Data for this task Start Marker
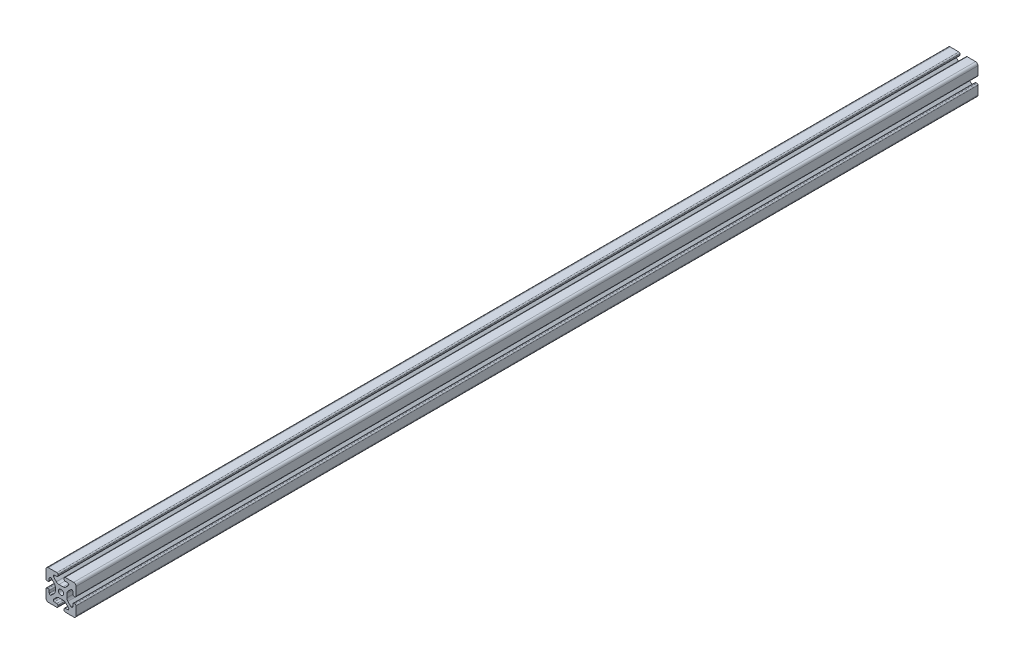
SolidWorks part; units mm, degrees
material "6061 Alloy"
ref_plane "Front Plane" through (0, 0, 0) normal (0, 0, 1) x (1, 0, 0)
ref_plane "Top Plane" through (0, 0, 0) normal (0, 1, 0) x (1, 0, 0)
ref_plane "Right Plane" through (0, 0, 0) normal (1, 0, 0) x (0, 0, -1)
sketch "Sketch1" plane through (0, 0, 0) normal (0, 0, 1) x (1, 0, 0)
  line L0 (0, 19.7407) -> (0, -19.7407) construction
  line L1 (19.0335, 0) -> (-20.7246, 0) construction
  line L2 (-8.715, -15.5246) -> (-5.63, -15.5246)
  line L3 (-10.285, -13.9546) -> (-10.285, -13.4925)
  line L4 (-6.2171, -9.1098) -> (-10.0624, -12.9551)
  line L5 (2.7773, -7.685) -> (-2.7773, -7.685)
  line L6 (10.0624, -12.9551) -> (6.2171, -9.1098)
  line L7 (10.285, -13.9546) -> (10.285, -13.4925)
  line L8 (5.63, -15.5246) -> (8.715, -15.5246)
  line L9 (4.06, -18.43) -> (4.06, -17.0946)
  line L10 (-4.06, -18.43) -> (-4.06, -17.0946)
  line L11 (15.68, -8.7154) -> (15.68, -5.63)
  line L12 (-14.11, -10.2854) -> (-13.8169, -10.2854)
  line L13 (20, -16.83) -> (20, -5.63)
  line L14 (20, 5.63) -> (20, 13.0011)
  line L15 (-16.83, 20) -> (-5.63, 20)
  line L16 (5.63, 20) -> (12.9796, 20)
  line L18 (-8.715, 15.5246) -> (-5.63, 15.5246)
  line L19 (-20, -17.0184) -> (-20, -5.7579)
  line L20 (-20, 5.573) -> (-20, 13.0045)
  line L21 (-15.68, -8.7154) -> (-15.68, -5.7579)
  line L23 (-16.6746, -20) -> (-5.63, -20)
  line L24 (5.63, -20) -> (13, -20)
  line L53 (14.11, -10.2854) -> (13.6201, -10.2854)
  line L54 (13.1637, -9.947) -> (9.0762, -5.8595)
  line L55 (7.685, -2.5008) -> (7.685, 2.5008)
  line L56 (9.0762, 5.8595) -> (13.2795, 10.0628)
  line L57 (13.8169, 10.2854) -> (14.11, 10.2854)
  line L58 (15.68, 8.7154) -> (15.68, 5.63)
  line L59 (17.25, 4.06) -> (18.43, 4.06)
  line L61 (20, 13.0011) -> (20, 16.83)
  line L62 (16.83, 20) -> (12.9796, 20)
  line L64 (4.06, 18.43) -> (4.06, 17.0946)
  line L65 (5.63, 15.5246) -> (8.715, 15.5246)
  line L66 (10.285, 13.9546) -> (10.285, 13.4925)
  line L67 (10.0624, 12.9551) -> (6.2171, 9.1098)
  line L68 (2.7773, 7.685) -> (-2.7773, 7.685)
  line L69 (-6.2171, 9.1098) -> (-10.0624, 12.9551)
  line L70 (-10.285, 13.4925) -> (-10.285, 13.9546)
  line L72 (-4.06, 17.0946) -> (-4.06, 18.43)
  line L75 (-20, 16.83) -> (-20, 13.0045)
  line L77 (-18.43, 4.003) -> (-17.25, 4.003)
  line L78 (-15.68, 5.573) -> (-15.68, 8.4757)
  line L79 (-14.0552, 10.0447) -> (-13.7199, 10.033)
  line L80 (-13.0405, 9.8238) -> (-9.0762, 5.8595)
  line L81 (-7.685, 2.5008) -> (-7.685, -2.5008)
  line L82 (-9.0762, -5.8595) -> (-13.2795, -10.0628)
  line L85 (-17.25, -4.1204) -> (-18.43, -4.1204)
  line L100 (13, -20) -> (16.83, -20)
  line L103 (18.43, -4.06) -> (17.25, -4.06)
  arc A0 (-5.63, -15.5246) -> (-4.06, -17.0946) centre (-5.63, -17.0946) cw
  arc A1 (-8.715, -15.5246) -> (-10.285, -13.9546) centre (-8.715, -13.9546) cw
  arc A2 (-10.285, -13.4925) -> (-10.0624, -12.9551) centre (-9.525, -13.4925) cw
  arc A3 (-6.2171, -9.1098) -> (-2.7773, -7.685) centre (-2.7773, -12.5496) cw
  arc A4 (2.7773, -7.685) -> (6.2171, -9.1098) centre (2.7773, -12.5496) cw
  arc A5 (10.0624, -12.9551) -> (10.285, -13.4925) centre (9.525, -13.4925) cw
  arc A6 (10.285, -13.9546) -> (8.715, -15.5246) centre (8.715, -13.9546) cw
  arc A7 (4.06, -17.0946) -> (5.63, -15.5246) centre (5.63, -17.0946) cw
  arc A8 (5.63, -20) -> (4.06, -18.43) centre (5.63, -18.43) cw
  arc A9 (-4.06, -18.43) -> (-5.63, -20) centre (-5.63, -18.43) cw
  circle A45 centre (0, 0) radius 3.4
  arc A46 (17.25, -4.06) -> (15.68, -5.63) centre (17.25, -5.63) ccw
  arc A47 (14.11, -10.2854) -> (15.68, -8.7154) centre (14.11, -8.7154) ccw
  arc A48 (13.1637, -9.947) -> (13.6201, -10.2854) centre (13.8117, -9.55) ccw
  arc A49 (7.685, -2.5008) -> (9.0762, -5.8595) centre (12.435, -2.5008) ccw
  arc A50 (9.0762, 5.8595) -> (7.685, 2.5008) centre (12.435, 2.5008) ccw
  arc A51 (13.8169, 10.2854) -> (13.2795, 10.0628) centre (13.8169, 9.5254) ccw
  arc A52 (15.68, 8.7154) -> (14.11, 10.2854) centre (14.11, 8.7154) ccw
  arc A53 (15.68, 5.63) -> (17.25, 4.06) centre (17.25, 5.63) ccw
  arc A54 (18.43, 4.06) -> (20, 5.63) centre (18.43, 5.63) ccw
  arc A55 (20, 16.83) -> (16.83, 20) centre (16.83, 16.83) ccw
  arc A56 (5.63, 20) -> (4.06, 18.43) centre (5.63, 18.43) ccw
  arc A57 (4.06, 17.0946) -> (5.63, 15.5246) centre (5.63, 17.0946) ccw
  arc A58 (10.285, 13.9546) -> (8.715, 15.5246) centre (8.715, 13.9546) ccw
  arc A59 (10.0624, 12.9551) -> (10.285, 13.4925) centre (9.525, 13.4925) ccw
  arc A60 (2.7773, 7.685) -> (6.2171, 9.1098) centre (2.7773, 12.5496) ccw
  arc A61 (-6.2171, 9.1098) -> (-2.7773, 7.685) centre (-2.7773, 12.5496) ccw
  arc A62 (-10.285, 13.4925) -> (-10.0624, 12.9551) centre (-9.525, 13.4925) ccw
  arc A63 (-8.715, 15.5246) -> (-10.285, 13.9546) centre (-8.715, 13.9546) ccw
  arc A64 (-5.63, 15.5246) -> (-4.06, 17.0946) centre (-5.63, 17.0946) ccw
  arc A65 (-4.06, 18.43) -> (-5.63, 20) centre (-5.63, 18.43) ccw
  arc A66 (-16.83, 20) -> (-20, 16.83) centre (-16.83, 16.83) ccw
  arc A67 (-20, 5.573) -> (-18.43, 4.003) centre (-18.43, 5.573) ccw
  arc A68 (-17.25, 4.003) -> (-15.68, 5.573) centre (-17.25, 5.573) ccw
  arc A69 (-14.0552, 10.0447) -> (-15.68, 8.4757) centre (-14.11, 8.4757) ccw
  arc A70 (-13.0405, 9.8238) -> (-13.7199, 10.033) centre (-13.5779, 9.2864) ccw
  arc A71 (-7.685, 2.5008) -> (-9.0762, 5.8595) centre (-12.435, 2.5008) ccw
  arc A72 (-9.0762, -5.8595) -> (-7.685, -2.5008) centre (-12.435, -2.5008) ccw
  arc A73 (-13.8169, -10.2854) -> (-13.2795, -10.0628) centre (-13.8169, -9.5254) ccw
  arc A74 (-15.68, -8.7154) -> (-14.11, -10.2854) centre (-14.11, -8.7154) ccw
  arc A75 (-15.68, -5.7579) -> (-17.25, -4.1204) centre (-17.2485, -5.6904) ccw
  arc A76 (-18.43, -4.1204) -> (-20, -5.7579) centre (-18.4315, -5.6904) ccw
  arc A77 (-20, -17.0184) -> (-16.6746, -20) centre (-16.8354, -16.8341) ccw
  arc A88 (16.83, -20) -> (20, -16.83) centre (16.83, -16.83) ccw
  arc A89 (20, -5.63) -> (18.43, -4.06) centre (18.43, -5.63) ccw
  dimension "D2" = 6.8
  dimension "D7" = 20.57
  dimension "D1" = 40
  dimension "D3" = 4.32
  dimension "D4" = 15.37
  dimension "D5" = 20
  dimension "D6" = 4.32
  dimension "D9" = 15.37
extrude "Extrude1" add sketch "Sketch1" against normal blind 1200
Data for this task End Marker
:: Exercise objective ::
Give back exactly the lines from the first line of the data through the line with "line L16 (5.63, 20) -> (12.9796, 20)", pictures excluded.

:: Exercise answer ::
SolidWorks part; units mm, degrees
material "6061 Alloy"
ref_plane "Front Plane" through (0, 0, 0) normal (0, 0, 1) x (1, 0, 0)
ref_plane "Top Plane" through (0, 0, 0) normal (0, 1, 0) x (1, 0, 0)
ref_plane "Right Plane" through (0, 0, 0) normal (1, 0, 0) x (0, 0, -1)
sketch "Sketch1" plane through (0, 0, 0) normal (0, 0, 1) x (1, 0, 0)
  line L0 (0, 19.7407) -> (0, -19.7407) construction
  line L1 (19.0335, 0) -> (-20.7246, 0) construction
  line L2 (-8.715, -15.5246) -> (-5.63, -15.5246)
  line L3 (-10.285, -13.9546) -> (-10.285, -13.4925)
  line L4 (-6.2171, -9.1098) -> (-10.0624, -12.9551)
  line L5 (2.7773, -7.685) -> (-2.7773, -7.685)
  line L6 (10.0624, -12.9551) -> (6.2171, -9.1098)
  line L7 (10.285, -13.9546) -> (10.285, -13.4925)
  line L8 (5.63, -15.5246) -> (8.715, -15.5246)
  line L9 (4.06, -18.43) -> (4.06, -17.0946)
  line L10 (-4.06, -18.43) -> (-4.06, -17.0946)
  line L11 (15.68, -8.7154) -> (15.68, -5.63)
  line L12 (-14.11, -10.2854) -> (-13.8169, -10.2854)
  line L13 (20, -16.83) -> (20, -5.63)
  line L14 (20, 5.63) -> (20, 13.0011)
  line L15 (-16.83, 20) -> (-5.63, 20)
  line L16 (5.63, 20) -> (12.9796, 20)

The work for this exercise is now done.